- WORK TO COMPLETE -
Search the data for the string "Thanks" and copy each line where it turns up.

- EXTRACTED DATA -

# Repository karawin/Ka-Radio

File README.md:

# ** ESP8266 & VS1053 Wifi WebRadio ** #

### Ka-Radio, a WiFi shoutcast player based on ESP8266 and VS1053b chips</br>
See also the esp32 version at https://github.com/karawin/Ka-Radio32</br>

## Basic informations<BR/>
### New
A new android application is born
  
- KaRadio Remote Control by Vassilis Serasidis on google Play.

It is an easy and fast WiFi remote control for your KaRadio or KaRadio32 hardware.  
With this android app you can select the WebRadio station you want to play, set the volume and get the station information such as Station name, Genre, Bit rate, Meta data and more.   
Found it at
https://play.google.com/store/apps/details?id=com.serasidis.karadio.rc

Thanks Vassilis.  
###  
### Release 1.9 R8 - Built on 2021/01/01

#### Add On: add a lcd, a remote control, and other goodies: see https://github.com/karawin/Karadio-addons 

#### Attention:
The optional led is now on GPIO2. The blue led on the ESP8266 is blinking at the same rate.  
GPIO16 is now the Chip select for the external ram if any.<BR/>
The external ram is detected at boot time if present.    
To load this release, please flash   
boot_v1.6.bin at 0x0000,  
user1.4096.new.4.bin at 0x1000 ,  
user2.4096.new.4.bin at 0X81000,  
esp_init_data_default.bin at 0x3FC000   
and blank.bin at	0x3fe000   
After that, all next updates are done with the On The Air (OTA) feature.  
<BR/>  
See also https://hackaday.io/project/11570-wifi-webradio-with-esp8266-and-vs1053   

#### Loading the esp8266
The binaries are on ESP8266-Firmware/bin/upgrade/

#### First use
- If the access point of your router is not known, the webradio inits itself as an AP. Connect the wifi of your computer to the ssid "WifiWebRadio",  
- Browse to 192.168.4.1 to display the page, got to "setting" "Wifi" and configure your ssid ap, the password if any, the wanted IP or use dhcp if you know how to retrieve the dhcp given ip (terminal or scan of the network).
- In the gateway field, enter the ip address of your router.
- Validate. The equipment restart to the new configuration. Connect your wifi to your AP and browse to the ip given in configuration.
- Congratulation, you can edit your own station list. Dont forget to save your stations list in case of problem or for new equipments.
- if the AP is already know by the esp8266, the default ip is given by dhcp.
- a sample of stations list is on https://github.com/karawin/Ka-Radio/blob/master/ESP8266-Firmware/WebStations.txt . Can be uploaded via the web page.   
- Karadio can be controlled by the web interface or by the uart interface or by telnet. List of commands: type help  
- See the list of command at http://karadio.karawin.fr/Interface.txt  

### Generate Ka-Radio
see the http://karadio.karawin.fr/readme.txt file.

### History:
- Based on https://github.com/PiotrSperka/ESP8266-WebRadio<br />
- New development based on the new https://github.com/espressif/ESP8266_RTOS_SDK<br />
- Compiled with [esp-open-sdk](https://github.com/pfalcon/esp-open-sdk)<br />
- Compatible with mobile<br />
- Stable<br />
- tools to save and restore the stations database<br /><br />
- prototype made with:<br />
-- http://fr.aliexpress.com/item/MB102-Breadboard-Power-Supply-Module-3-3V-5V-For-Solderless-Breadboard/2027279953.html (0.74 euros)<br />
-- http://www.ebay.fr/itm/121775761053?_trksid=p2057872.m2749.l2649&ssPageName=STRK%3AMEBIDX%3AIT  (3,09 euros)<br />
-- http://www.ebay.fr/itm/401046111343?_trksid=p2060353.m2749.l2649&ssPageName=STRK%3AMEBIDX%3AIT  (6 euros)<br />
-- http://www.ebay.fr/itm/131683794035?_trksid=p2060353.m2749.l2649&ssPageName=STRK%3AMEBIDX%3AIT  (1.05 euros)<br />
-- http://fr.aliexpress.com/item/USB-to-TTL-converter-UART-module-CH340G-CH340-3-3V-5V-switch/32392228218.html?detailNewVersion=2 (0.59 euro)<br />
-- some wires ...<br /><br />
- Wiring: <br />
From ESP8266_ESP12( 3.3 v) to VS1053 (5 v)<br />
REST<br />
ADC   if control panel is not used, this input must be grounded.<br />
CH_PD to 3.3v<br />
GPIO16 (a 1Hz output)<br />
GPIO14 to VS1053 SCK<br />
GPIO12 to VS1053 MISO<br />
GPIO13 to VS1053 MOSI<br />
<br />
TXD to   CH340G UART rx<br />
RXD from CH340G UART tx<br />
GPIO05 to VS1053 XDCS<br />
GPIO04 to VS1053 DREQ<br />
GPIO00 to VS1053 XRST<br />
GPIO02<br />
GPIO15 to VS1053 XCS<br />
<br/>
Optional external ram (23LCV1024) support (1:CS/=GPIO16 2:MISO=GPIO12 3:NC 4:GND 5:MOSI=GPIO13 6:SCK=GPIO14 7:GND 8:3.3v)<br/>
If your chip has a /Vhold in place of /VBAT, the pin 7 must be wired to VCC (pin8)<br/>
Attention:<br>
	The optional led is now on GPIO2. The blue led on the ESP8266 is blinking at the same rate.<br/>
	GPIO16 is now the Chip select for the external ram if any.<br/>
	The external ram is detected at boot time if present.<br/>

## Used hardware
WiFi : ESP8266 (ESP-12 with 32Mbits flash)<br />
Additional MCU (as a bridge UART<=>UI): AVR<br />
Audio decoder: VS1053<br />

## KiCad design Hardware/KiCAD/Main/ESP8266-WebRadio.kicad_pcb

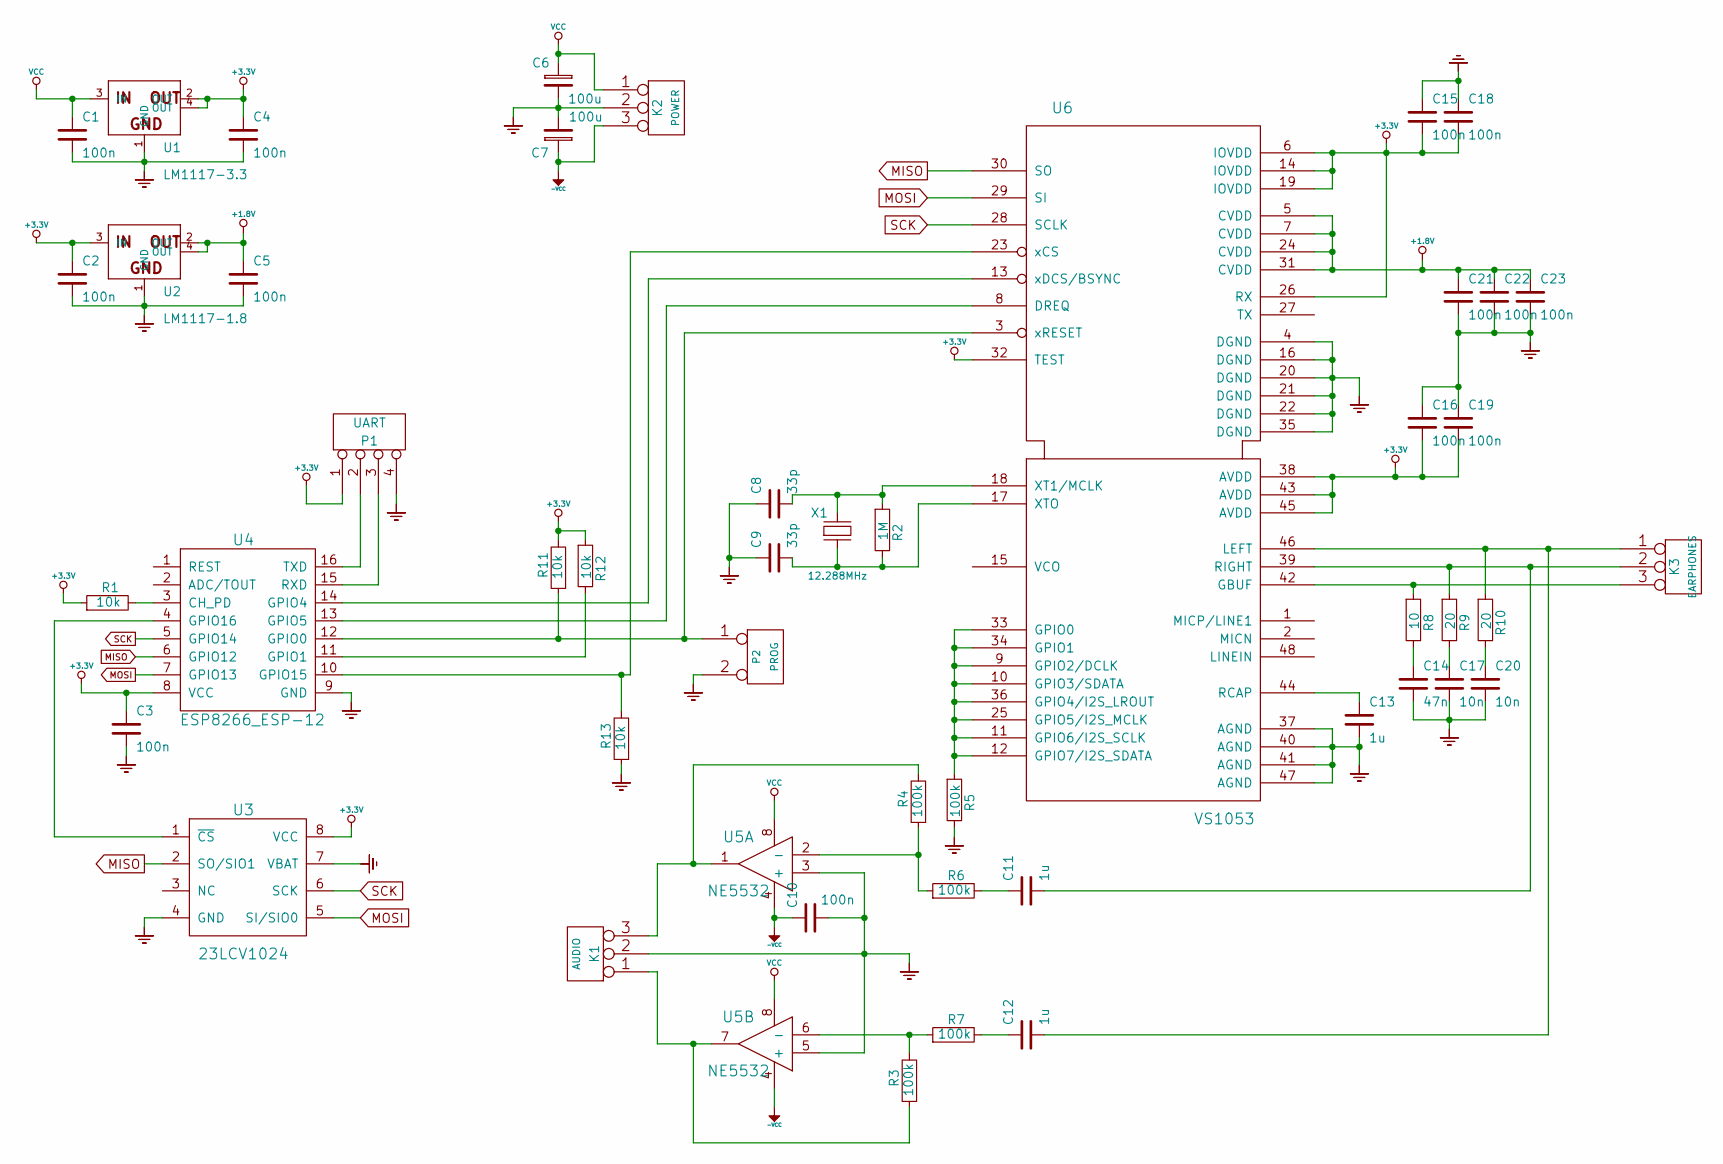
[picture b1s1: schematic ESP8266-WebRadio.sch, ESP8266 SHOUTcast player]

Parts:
C1, C2, C3, C4, C5, C10, C15, C16, C18, C19, C21, C22, C23: 100n
C6, C7: 100u
C8, C9: 33p
C11, C12, C13: 1u
C14: 47n
C17, C20: 10n
K1: AUDIO
K2: POWER
K3: EARPHONES
P1: UART
P2: PROG
R1, R11, R12, R13: 10k
R2: 1M
R3, R4, R5, R6, R7: 100k
R8: 10
R9, R10: 20
U1: LM1117-3.3
U2: LM1117-1.8
U3: 23LCV1024
U4: ESP8266_ESP-12
U5: NE5532
U6: VS1053
X1: 12.288MHz

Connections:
+1.8V: C5.1, C21.1, C22.1, C23.1, U2.2 (OUT), U2.4 (OUT), U6.5 (CVDD), U6.7 (CVDD), U6.24 (CVDD), U6.31 (CVDD)
+3.3V: C2.1, C3.1, C4.1, C15.2, C16.2, C18.2, C19.2, P1.1, R1.1, R11.2, R12.1, U1.2 (OUT), U1.4 (OUT), U2.3 (IN), U3.8 (VCC), U4.8 (VCC), U6.6 (IOVDD), U6.14 (IOVDD), U6.19 (IOVDD), U6.26 (RX), U6.32 (TEST), U6.38 (AVDD), U6.43 (AVDD), U6.45 (AVDD)
-6V: C7.1, C10.1, K2.3, U5.4
GND: C1.2, C2.2, C3.2, C4.2, C5.2, C6.2, C7.2, C8.1, C9.1, C10.2, C13.2, C14.2, C15.1, C16.1, C17.2, C18.1, C19.1, C20.2, C21.2, C22.2, C23.2, K1.2 (PM), K2.2 (PM), P1.4, P2.2 (PM), R5.2, R13.1, U1.1 (GND), U2.1 (GND), U3.4 (GND), U3.7 (VBAT), U4.9 (GND), U5.3 (+), U5.5 (+), U6.4 (DGND), U6.16 (DGND), U6.20 (DGND), U6.21 (DGND), U6.22 (DGND), U6.35 (DGND), U6.37 (AGND), U6.40 (AGND), U6.41 (AGND), U6.47 (AGND); also elsewhere on the board
MISO: U3.2 (SO/SIO1), U4.6 (GPIO12), U6.30 (SO)
MOSI: U3.5 (SI/SIO0), U4.7 (GPIO13), U6.29 (SI)
unnamed: C8.2, R2.1, U6.18 (XT1/MCLK), X1.2
unnamed: C9.2, R2.2, U6.17 (XTO), X1.1
unnamed: R5.1, U6.9 (GPIO2/DCLK), U6.10 (GPIO3/SDATA), U6.11 (GPIO6/I2S_SCLK), U6.12 (GPIO7/I2S_SDATA), U6.25 (GPIO5/I2S_MCLK), U6.33 (GPIO0), U6.34 (GPIO1), U6.36 (GPIO4/I2S_LROUT)
unnamed: C13.1, U6.44 (RCAP)
unnamed: C12.1, R7.2
unnamed: C11.1, R6.2
unnamed: R4.1, R6.1, U5.2 (-)
unnamed: R3.2, R7.1, U5.6 (-)
unnamed: K1.1, R3.1, U5.7
unnamed: K1.3, R4.2, U5.1
unnamed: R12.2, U4.11 (GPIO1)
unnamed: P1.2, U4.16 (TXD)
unnamed: P1.3, U4.15 (RXD)
unnamed: C17.1, R9.2
unnamed: K3.3, R8.1, U6.42 (GBUF)
unnamed: C11.2, K3.2 (PM), R9.1, U6.39 (RIGHT)
unnamed: C12.2, K3.1, R10.1, U6.46 (LEFT)
unnamed: C14.1, R8.2
unnamed: C20.1, R10.2
unnamed: U3.1 (~CS), U4.4 (GPIO16)
unnamed: P2.1, R11.1, U4.12 (GPIO0), U6.3 (xRESET)
unnamed: R1.2, U4.3 (CH_PD)
unnamed: R13.2, U4.10 (GPIO15), U6.23 (xCS)
unnamed: U4.14 (GPIO4), U6.13 (xDCS/BSYNC)
unnamed: U4.13 (GPIO5), U6.8 (DREQ)
SCK: U3.6 (SCK), U4.5 (GPIO14), U6.28 (SCLK)
VCC: C1.1, C6.1, K2.1, U1.3 (IN), U5.8

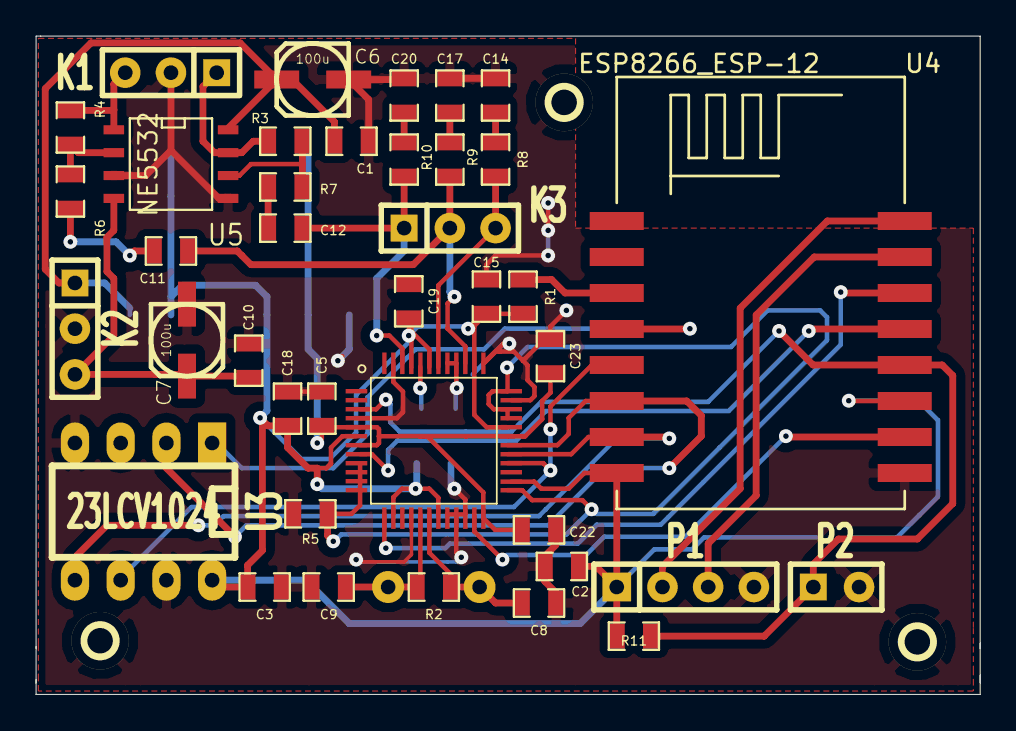
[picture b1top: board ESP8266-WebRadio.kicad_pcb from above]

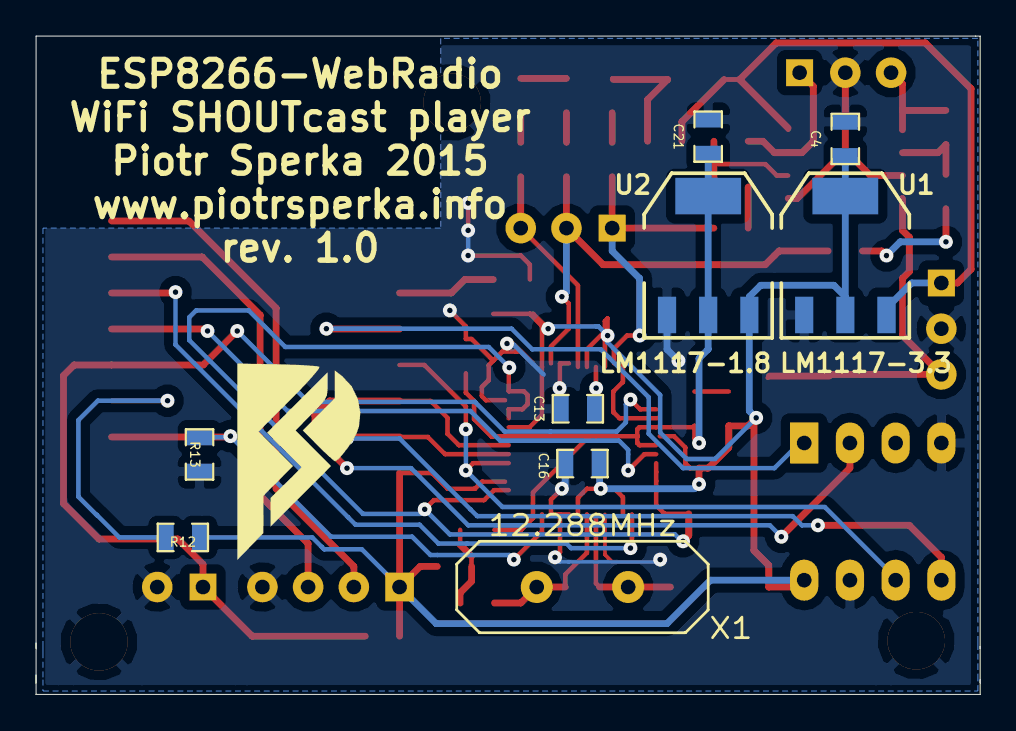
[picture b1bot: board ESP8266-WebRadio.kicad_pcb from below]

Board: 2 copper layers, 52.5 x 36.6 mm, 51 parts (9 on the bottom side), 33 nets.

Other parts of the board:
1PIN, 1PIN#2: P***; 1pin
VAL: REF; Logo

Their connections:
GND: 1PIN.1, 1PIN#2.1; also elsewhere on the board

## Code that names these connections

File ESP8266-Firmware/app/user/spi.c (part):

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		PIN_FUNC_SELECT(PERIPHS_IO_MUX_SD_DATA1_U, 1);	
	}else if(spi_no==HSPI){
		WRITE_PERI_REG(PERIPHS_IO_MUX, 0x105|(clock_div_flag<<9)); //Set bit 9 if 80MHz sysclock required
		PIN_FUNC_SELECT(PERIPHS_IO_MUX_MTDI_U, 2); //GPIO12 is HSPI MISO pin (Master Data In)
		PIN_FUNC_SELECT(PERIPHS_IO_MUX_MTCK_U, 2); //GPIO13 is HSPI MOSI pin (Master Data Out)
		PIN_FUNC_SELECT(PERIPHS_IO_MUX_MTMS_U, 2); //GPIO14 is HSPI CLK pin (Clock)
		//PIN_FUNC_SELECT(PERIPHS_IO_MUX_MTDO_U, 2); //GPIO15 is HSPI CS pin (Chip Select / Slave Select)
	}

}
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
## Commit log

2016-06-15 New repository
2016-06-16 Correction for NodeMcu with adc dividor and grounded adc.
2016-06-16 New start
2016-06-16 removed some traces
2016-06-18 piotSperka merged this release.
2016-06-26 Release 1.0.5
2016-06-27 Increase stack size a bit...
2016-06-27 Readme
2016-07-19 Release 1.0.6
2016-07-21 External ram detection
    External ram detection
    and Save stations from webradio changed for edge
2016-07-21 History in upgrade
2016-07-29 Increase spi clock for external ram
2016-07-29 Increas spi clock for external ram
    restore spi speed before flash read/write
2016-08-01 receive buffer too big
2016-08-14 Release 1.0.7
2016-09-12 Release 1.0.8
2016-09-12 Release 1.0.8. Readme
2016-09-14 A little bug in metadata
2016-09-15 cleanup
2016-09-16 IF a station is not found, indicate it to the interface in the name.
2016-09-17 A little crash removed...
2016-09-29 Release 1.0.9
2016-09-29 Release 1.0.9 Md file
2016-10-01 I2S mistake corrected
2016-10-10 Release 1.0.10
2016-10-10 1.0.10 Led blink too quickly for my taste.
2016-10-16 release 1.1.0
2016-10-16 Readme 1.1.0
2016-10-29 Release 1.1.1
2016-10-29 Release 1.1.1 ReadMe
2016-11-09 karadioU8glib.zip added: lcd software
    karadioU8glib.zip is an arduino sketch to build a lcd display for
    karadio.
    Some many other little improvments in karadion.
    No new features added.
2016-11-23 1.1.2
2016-11-26 1.1.2 stable
2016-11-26 controle.pdf updated
2016-12-01 Release 1.1.3
2016-12-03 lcd & remote arduino software
2017-01-02 Cleanup 1.1.3
2017-01-08 pre 1.1.4
2017-01-09 1.1.4
2017-01-09 ReadMe 1.1.4
2017-01-10 1.1.4 links in readme
2017-01-14 1.1.5
2017-01-14 1.1.5 readme.md
2017-01-20 mistake default ip
2017-01-24 lcd update
2017-01-25 1.1.5, AP mode corrected
2017-01-31 Wire external ram
2017-02-02 Release 1.1.6
2017-02-02 1.1.6 Read.me
2017-02-09 1.1.7
2017-02-09 Readme 1.1.7
2017-02-10 1.1.7+
    volume offset correction
2017-02-12 Fixed the bug with reduced size of payload buffer. TCP package data size checked with tcpdump. It is 1024 bytes now. Faster loading of webpage.
2017-02-12 servfile update
2017-03-30 Fix syntax errors.
2017-03-30 Fix syntax errors (test)
2017-04-04 Release 1.1.8
2017-04-04 1.1.8 correction
2017-04-04 Readme 1.1.8
2017-04-13 Release 1.2
2017-04-13 Readme 1.2
2017-04-14 Priority uart
2017-04-18 README.md formatting changes
2017-04-20 restore index.html
2017-05-02 Added some missing include and cleaned the Makefile
2017-05-02 Update readme for yui_compressor
2017-05-07 added the readme.txt
2017-05-07 Added readme.txt to generate Ka-Radio
2017-05-08 KaRadio-install.sh added
2017-05-16 Minor details for the volume
2017-05-22 Release 1.2.2
2017-05-30 Release 1.3
2017-06-01 Readme update
2017-06-06 Rlease 1.3.1
2017-06-19 Release 1.3.2
2017-06-19 1.3.2
2017-06-30 Release 1.3.3
    Bugs removed
2017-07-01 interface.txt update
2017-07-04 Control panel on bar ESP
2017-07-11 1.3.4
2017-07-19 Release 1.4
    July, 19 2017
2017-07-19 patch comment inverted.
2017-07-24 Release 1.5
    New KaraDio based on Espressif RTOS SDK 1.5.0-dev
2017-07-25 1.5 update
2017-07-29 1.4.1 released
    Back to 1.4 line
2017-07-30 Cleaning things
2017-07-31 Revision 4
2017-07-31 Some labels changed.
2017-08-01 1.4.2
2017-08-01 1.4.2 R3
2017-08-07 Release 1.5
2017-08-08 1.5 R3
2017-08-11 1.5.1 R1
2017-08-12 offset volume negative was wrong
2017-08-25 R 1.6
2017-08-25 R 1.6 json correction
2017-08-27 Ajust uart speed not working. Corrected.
2017-09-05 little change on uart
2017-09-17 Release 1.6.1
2017-10-21 eeprom
2017-11-02 release 1.6.2
2017-11-02 Readme 1.6.2
2017-11-08 1.6.2 R2
2017-11-08 1.6.2 R3
2017-11-22 ntp server changed
2017-11-22 Version 1.6.2 R4
2017-12-27 1.6.3: Correction for stations with the char & in path.
2018-09-05 pre release 1.7
    Web command prev and next added
    mdns in progress.
2018-09-09 pre 1.7 mdns
2018-09-09 Version 1.7 official
    <ul>
    <li>mDns added </li>
    <li>web commands next and prev added</li>
    <li>uart or teknet command sys.host added.</li>
    </ul>
2018-09-09 a wrong label
2018-11-21 Replacing yui compressor with python script
2018-11-27 1.7 R1
    Title on top of the page
2019-01-15 style and readme.md
2019-02-01 Release 1.8 R0
2019-02-01 1.8 volume arrow
2019-02-01 Correction for instant-play
2019-02-06 Release 1.8 R1
2019-02-07 script.js detail
2019-02-11 1.8 R2
2019-02-11 Corrected: Wifi infos, upgrade
2019-02-15 prerelease 1.9 R0
2019-02-21 ESP8266 RTOS SDK 2.0.0
2019-02-25 inteface
2019-02-25 Revert "ESP8266 RTOS SDK 2.0.0"
2019-02-25 Restore ESP8266 RTOS SDK 2.0.0
2019-02-26 Release 1.9 R0 RTOS_SDK 2.0.0
2019-02-27 1.9 R0 final
2019-02-27 1.9 R0 binaries
2019-02-27 README.md
2019-02-28 Disable telnet in AP mode
2019-03-02 Html infos bug
2019-03-07 keyboard on web (ctrl space)
2019-04-08 Release 1.9 R1
2019-04-15 1.9 R2
    AP mode was not working
2019-04-28 Release 1.9 R3
2019-05-18 lwip update. AP corretion if no ip given.
2019-05-26 1.9 R4
    lwip tuning
2019-06-30 Release 1.9 R5
    json correction
2019-08-01 Problem on AP mode due to the lwip layer. Resolved
    Seems resolved
2020-01-11 Release 1.9 R6
2020-12-20 Release 1.9 R7
    new vs1053b patch 2.9
2021-01-01 Release 1.9 R8
    VS1053B Code cleaned
2021-01-09 Release 9
    VS1053b detection improved.
    On some old vs1003/vs1053 boards, loading the vs1053 patch result in no
    sound because the vs1053 board resetted to the midi mode. Corrected now.
    Setting panel correction.
2021-01-09 Bug no patch
2021-01-10 WebStations.txt update
2021-01-28 Release V2.0R0
    Better handling of long header moved playlist
    timezone suggestion
    Better monitoring
2021-02-10 Release V2.1 R0
    No clear password in message for security.
2021-02-14 Release V2.1 R0 new
    <ul id="ordered">
    <li>Security: the ssid passwords are no longer sent
    on each "Setting" display, but only when changed.</li>
    <li>Bug fixed:
    in parse playlist. Possible memory leak. Thanks to HmarikBel</li>
    <li>Bug fixed: Special char in station name was incorrectly sent.</li>
2021-02-15 2.1 R0 Little pb
    New station not saved.
2021-03-12 Release 2.1 R1
    Some mistakes on wifi init
2021-03-12 2.1 R1 forgot one file
2021-03-24 Readme.md update
2022-10-22 Fix for wifi password 2 not saved correctly

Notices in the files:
ESP8266-Firmware/app/user/spi.c:
The MIT License (MIT)
Copyright (c) 2015 David Ogilvy (MetalPhreak)

- WRITTEN RESPONSE -
Thanks Vassilis.  
    in parse playlist. Possible memory leak. Thanks to HmarikBel</li>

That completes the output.